370-OR: Proinflammatory Stress Activates Neutral Sphingomyelinase 2 Based Generation of Ceramide-Enriched ß-Cell Exosomes

Data suggest that β cell exosomes, extracellular vesicles released by exocytosis of multivesicular endosomes (MVEs) , may act as paracrine effectors in islet health. However, mechanisms linking β cell stress to changes in exosomes and whether activation of these pathways can impact diabetes remain less explored. In other cells, the enzyme neutral spingomyelinase 2 (nSMase2) induces ceramide dependent MVE vesicle formation and release of ceramide-enriched exosomes. We hypothesized that β cell inflammatory stress engages ceramide-dependent exosomal formation pathways, and that ceramide-enriched exosomes could then impact surrounding β cells.
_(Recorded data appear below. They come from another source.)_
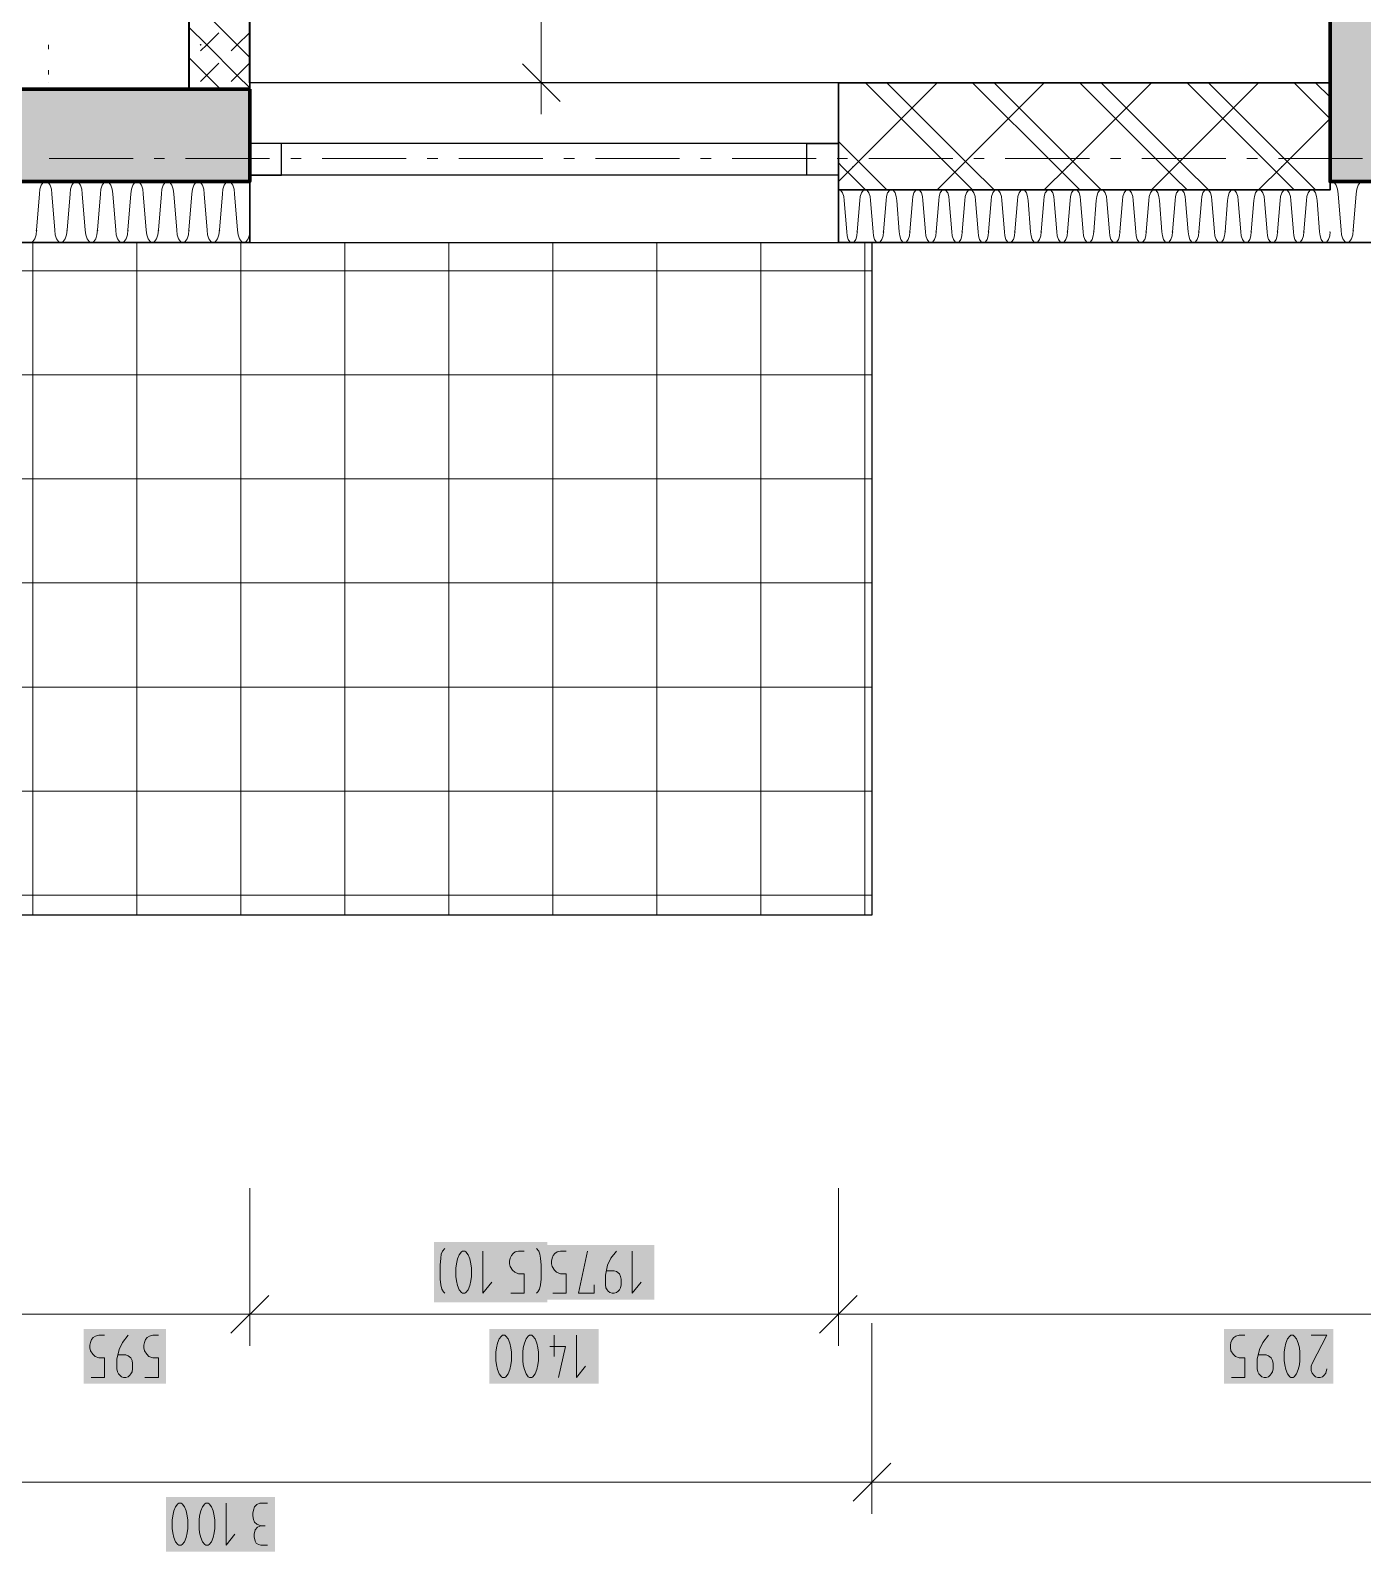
# Model space of a CAD drawing. Header units: millimetres. Extents: x 0 to 594, y 0 to 420.
# Drawn here: x 385.99 to 418.03, y 123.2 to 159.78 of the extents above; entities that cross this region are included whole.
import ezdxf

# ---------------------------------------------------------------- set-up
doc = ezdxf.new("R2010")
doc.units = ezdxf.units.MM
doc.header["$LTSCALE"] = 8
for name, color, linetype in [('PDF_Koty delkove', 7, 'Continuous'), ('PDF_Nabytek', 7, 'Continuous'), ('PDF_Obecne 0.25', 7, 'Continuous'), ('PDF_Okna', 7, 'Continuous'), ('PDF_Osy hlavni', 7, 'Continuous'), ('PDF_Pricky zdene', 7, 'Continuous'), ('PDF_Srafy', 7, 'Continuous'), ('PDF_Steny obvodove nosne', 7, 'Continuous'), ('PDF_Steny sendvic', 7, 'Continuous'), ('PDF_Zatepleni', 7, 'Continuous')]:
    doc.layers.add(name, color=color, linetype=linetype)

msp = doc.modelspace()

# ---------------------------------------------------------------- linework, layer by layer
at = {"layer": 'PDF_Koty delkove', "lineweight": 18}
for points in [[(398.274, 158.52), (398.274, 187.498), (398.274, 198.034), (398.274, 206.995), (398.274, 208.461), (398.274, 238.437), (398.274, 241.166), (398.274, 243.694)], [(398.728, 158.065), (397.819, 158.975)], [(399.032, 158.52), (398.274, 158.52), (397.515, 158.52)], [(398.274, 158.52), (398.274, 157.761)], [(391.265, 128.903), (391.265, 129.368), (391.265, 129.391), (391.265, 129.43), (391.265, 129.453), (391.265, 129.474), (391.265, 129.498), (391.265, 129.51), (391.265, 129.534), (391.265, 129.594), (391.265, 129.62), (391.265, 129.635), (391.265, 129.662), (391.265, 129.709), (391.265, 129.737), (391.265, 129.905), (391.265, 129.935), (391.265, 130.013), (391.265, 130.044), (391.265, 130.104), (391.265, 130.136), (391.265, 130.339), (391.265, 130.372), (391.265, 130.462), (391.265, 130.496), (391.265, 131.936)], [(405.419, 128.903), (405.419, 129.295), (405.419, 129.316), (405.419, 129.351), (405.419, 129.372), (405.419, 129.392), (405.419, 129.413), (405.419, 129.424), (405.419, 129.446), (405.419, 129.501), (405.419, 129.524), (405.419, 129.538), (405.419, 129.562), (405.419, 129.605), (405.419, 129.63), (405.419, 129.784), (405.419, 129.811), (405.419, 129.882), (405.419, 129.911), (405.419, 129.965), (405.419, 129.994), (405.419, 130.179), (405.419, 130.209), (405.419, 130.291), (405.419, 130.321), (405.419, 130.511), (405.419, 130.542), (405.419, 131.936)], [(395.951, 129.409), (395.924, 129.442), (395.883, 129.51), (395.856, 129.61), (395.843, 129.745), (395.843, 130.082), (395.856, 130.251), (395.869, 130.352), (395.897, 130.42), (395.951, 130.486)], [(396.867, 130.42), (396.867, 129.409), (397.082, 129.678)], [(397.514, 130.115), (397.514, 130.183), (397.528, 130.251), (397.555, 130.318), (397.595, 130.368), (397.649, 130.402), (397.73, 130.42), (397.865, 130.42)], [(398.161, 130.486), (398.215, 130.42), (398.242, 130.352), (398.256, 130.251), (398.27, 130.082), (398.27, 129.745), (398.256, 129.61), (398.228, 129.51), (398.188, 129.442), (398.161, 129.409)], [(398.549, 129.409), (398.872, 129.409), (398.872, 129.88), (398.737, 129.88), (398.643, 129.914), (398.589, 129.965), (398.536, 130.049), (398.522, 130.115), (398.522, 130.183), (398.536, 130.251), (398.562, 130.318), (398.603, 130.368), (398.656, 130.402), (398.737, 130.42), (398.872, 130.42)], [(399.547, 129.61), (399.547, 129.409), (399.169, 129.409), (399.384, 130.42)], [(400.085, 130.42), (399.95, 130.251), (399.869, 130.082), (399.816, 129.846), (399.816, 129.61)], [(400.463, 130.42), (400.463, 129.409), (400.678, 129.678)], [(397.541, 129.409), (397.865, 129.409), (397.865, 129.88), (397.73, 129.88), (397.636, 129.914), (397.582, 129.965), (397.528, 130.049), (397.514, 130.115)], [(399.816, 129.61), (399.83, 129.543), (399.856, 129.493), (399.883, 129.459), (399.924, 129.425), (399.978, 129.409), (400.031, 129.409), (400.085, 129.425), (400.126, 129.459), (400.152, 129.493), (400.18, 129.543), (400.194, 129.61), (400.194, 129.745), (400.18, 129.812), (400.152, 129.88), (400.085, 129.93), (400.031, 129.948), (399.843, 129.948)], [(391.265, 129.661), (391.265, 128.903), (391.265, 128.145)], [(405.419, 129.661), (405.419, 128.903), (405.419, 128.145)], [(391.72, 129.358), (390.81, 128.448)], [(405.874, 129.358), (404.964, 128.448)], [(391.265, 128.903), (385.25, 128.903), (375.14, 128.903), (360.987, 128.903), (348.147, 128.903), (333.994, 128.903), (323.884, 128.903), (317.869, 128.903), (303.715, 128.903), (278.037, 128.903), (263.883, 128.903), (257.868, 128.903), (247.758, 128.903), (233.605, 128.903), (220.766, 128.903)], [(426.599, 128.903), (405.419, 128.903), (391.265, 128.903)], [(387.447, 127.387), (387.771, 127.387), (387.771, 127.858), (387.636, 127.858), (387.542, 127.892), (387.487, 127.943), (387.434, 128.027), (387.42, 128.093), (387.42, 128.161), (387.434, 128.229), (387.461, 128.296), (387.501, 128.346), (387.555, 128.381), (387.636, 128.398), (387.771, 128.398)], [(388.338, 128.398), (388.203, 128.229), (388.122, 128.06), (388.068, 127.825), (388.068, 127.588), (388.082, 127.521), (388.109, 127.471), (388.136, 127.437), (388.176, 127.403), (388.23, 127.387), (388.284, 127.387), (388.338, 127.403), (388.379, 127.437), (388.405, 127.471), (388.433, 127.521), (388.447, 127.588), (388.447, 127.723), (388.433, 127.79), (388.405, 127.858), (388.338, 127.908), (388.284, 127.926), (388.095, 127.926)], [(388.716, 128.161), (388.73, 128.229), (388.757, 128.296), (388.797, 128.346), (388.851, 128.381), (388.932, 128.398), (389.067, 128.398)], [(397.91, 127.471), (397.963, 127.403), (397.991, 127.387), (398.044, 127.387), (398.072, 127.403), (398.125, 127.471), (398.166, 127.572), (398.193, 127.69), (398.207, 127.79), (398.207, 127.992), (398.193, 128.093), (398.166, 128.212), (398.125, 128.313), (398.072, 128.381), (398.044, 128.398), (397.991, 128.398), (397.963, 128.381), (397.91, 128.313), (397.869, 128.212), (397.842, 128.093), (397.829, 127.992)], [(398.584, 128.398), (398.584, 127.892)], [(399.125, 128.398), (399.125, 127.387), (399.34, 127.656)], [(406.227, 124.866), (406.227, 128.691)], [(414.874, 127.387), (415.198, 127.387), (415.198, 127.858), (415.063, 127.858), (414.969, 127.892), (414.915, 127.943), (414.861, 128.027), (414.847, 128.093), (414.847, 128.161), (414.861, 128.229), (414.888, 128.296), (414.928, 128.346), (414.982, 128.381), (415.063, 128.398), (415.198, 128.398)], [(415.765, 128.398), (415.63, 128.229), (415.549, 128.06), (415.495, 127.825), (415.495, 127.588), (415.509, 127.521), (415.536, 127.471), (415.563, 127.437), (415.603, 127.403), (415.657, 127.387), (415.711, 127.387), (415.765, 127.403), (415.806, 127.437), (415.832, 127.471), (415.86, 127.521), (415.874, 127.588), (415.874, 127.723), (415.86, 127.79), (415.832, 127.858), (415.765, 127.908), (415.711, 127.926), (415.522, 127.926)], [(416.143, 127.992), (416.143, 127.79), (416.157, 127.69), (416.184, 127.572), (416.224, 127.471), (416.278, 127.403), (416.305, 127.387), (416.359, 127.387), (416.386, 127.403), (416.44, 127.471), (416.48, 127.572), (416.508, 127.69), (416.522, 127.79), (416.522, 127.992), (416.508, 128.093), (416.48, 128.212), (416.44, 128.313), (416.386, 128.381), (416.359, 128.398), (416.305, 128.398), (416.278, 128.381), (416.224, 128.313), (416.184, 128.212), (416.157, 128.093), (416.143, 127.992)], [(416.791, 128.398), (417.17, 128.398), (416.818, 127.723), (416.791, 127.656), (416.791, 127.555), (416.818, 127.488), (416.859, 127.437), (416.899, 127.403), (416.954, 127.387), (417.007, 127.387), (417.061, 127.403), (417.102, 127.437), (417.142, 127.488), (417.17, 127.588)], [(388.743, 127.387), (389.067, 127.387), (389.067, 127.858), (388.932, 127.858), (388.838, 127.892), (388.784, 127.943), (388.73, 128.027), (388.716, 128.093), (388.716, 128.161)], [(398.477, 128.128), (398.855, 128.128), (398.692, 127.387)], [(397.829, 127.992), (397.829, 127.79), (397.842, 127.69), (397.869, 127.572), (397.91, 127.471)], [(406.227, 125.624), (406.227, 124.866), (406.227, 124.107)], [(406.682, 125.32), (405.772, 124.411)], [(550.543, 124.866), (548.938, 124.866), (546.499, 124.866), (515.159, 124.866), (488.672, 124.866), (440.752, 124.866), (406.227, 124.866), (374.887, 124.866), (334.247, 124.866), (302.907, 124.866), (278.846, 124.866), (247.506, 124.866), (206.865, 124.866), (175.525, 124.866), (146.965, 124.866), (126.828, 124.866), (121.413, 124.866), (88.278, 124.866), (73.569, 124.866)], [(389.761, 124.056), (389.733, 124.174), (389.692, 124.275), (389.639, 124.343), (389.611, 124.36), (389.558, 124.36), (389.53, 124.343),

To test this we treated INS-1 β cells with 24 hrs of 5 ng/mL of IL1β. nSMase 2 and ceramide expression were quantified with immunoblot and/or flow cytometry and exosomes were isolated using a tetraspanin bead-based pulldown. IL1β increased β cell nSMase2 expression and ceramide expression in concert. Direct nSMase2 activation with 24 hrs of 5-ng/mL Caffeic acid phenethyl ester (CAPE) also increased β cell ceramide staining. IL1β and CAPE treatments also yielded increased ceramide expression on β cell exosomes. Human islets exhibited similar increases in cellular nSMase2 and ceramide staining after 24-hr cytokine mix treatment (5ng/mL IL1β, 10ng/mL TNFα, and 100ng/mL IFNγ) . To test the potential for transfer of β cell exosomes to surrounding cells, we generated INS-1 cells with GFP tagged CD9 (exosome transmembrane protein) , which release GFP labeled exosomes. Flow cytometry staining in wild-type INS-1 cells after 24-hr transwell coculture with CD9-GFP cells showed that cocultured wild-type cells exhibited increased green fluorescence, suggesting transfer of CD9-GFP exosomes. Our findings suggest that nSMase2 activity may regulate β cell exosome subpopulations under conditions of inflammatory stress. Future work will interrogate impacts on exosome cargo and physiologic impacts of transfer on recipient cells.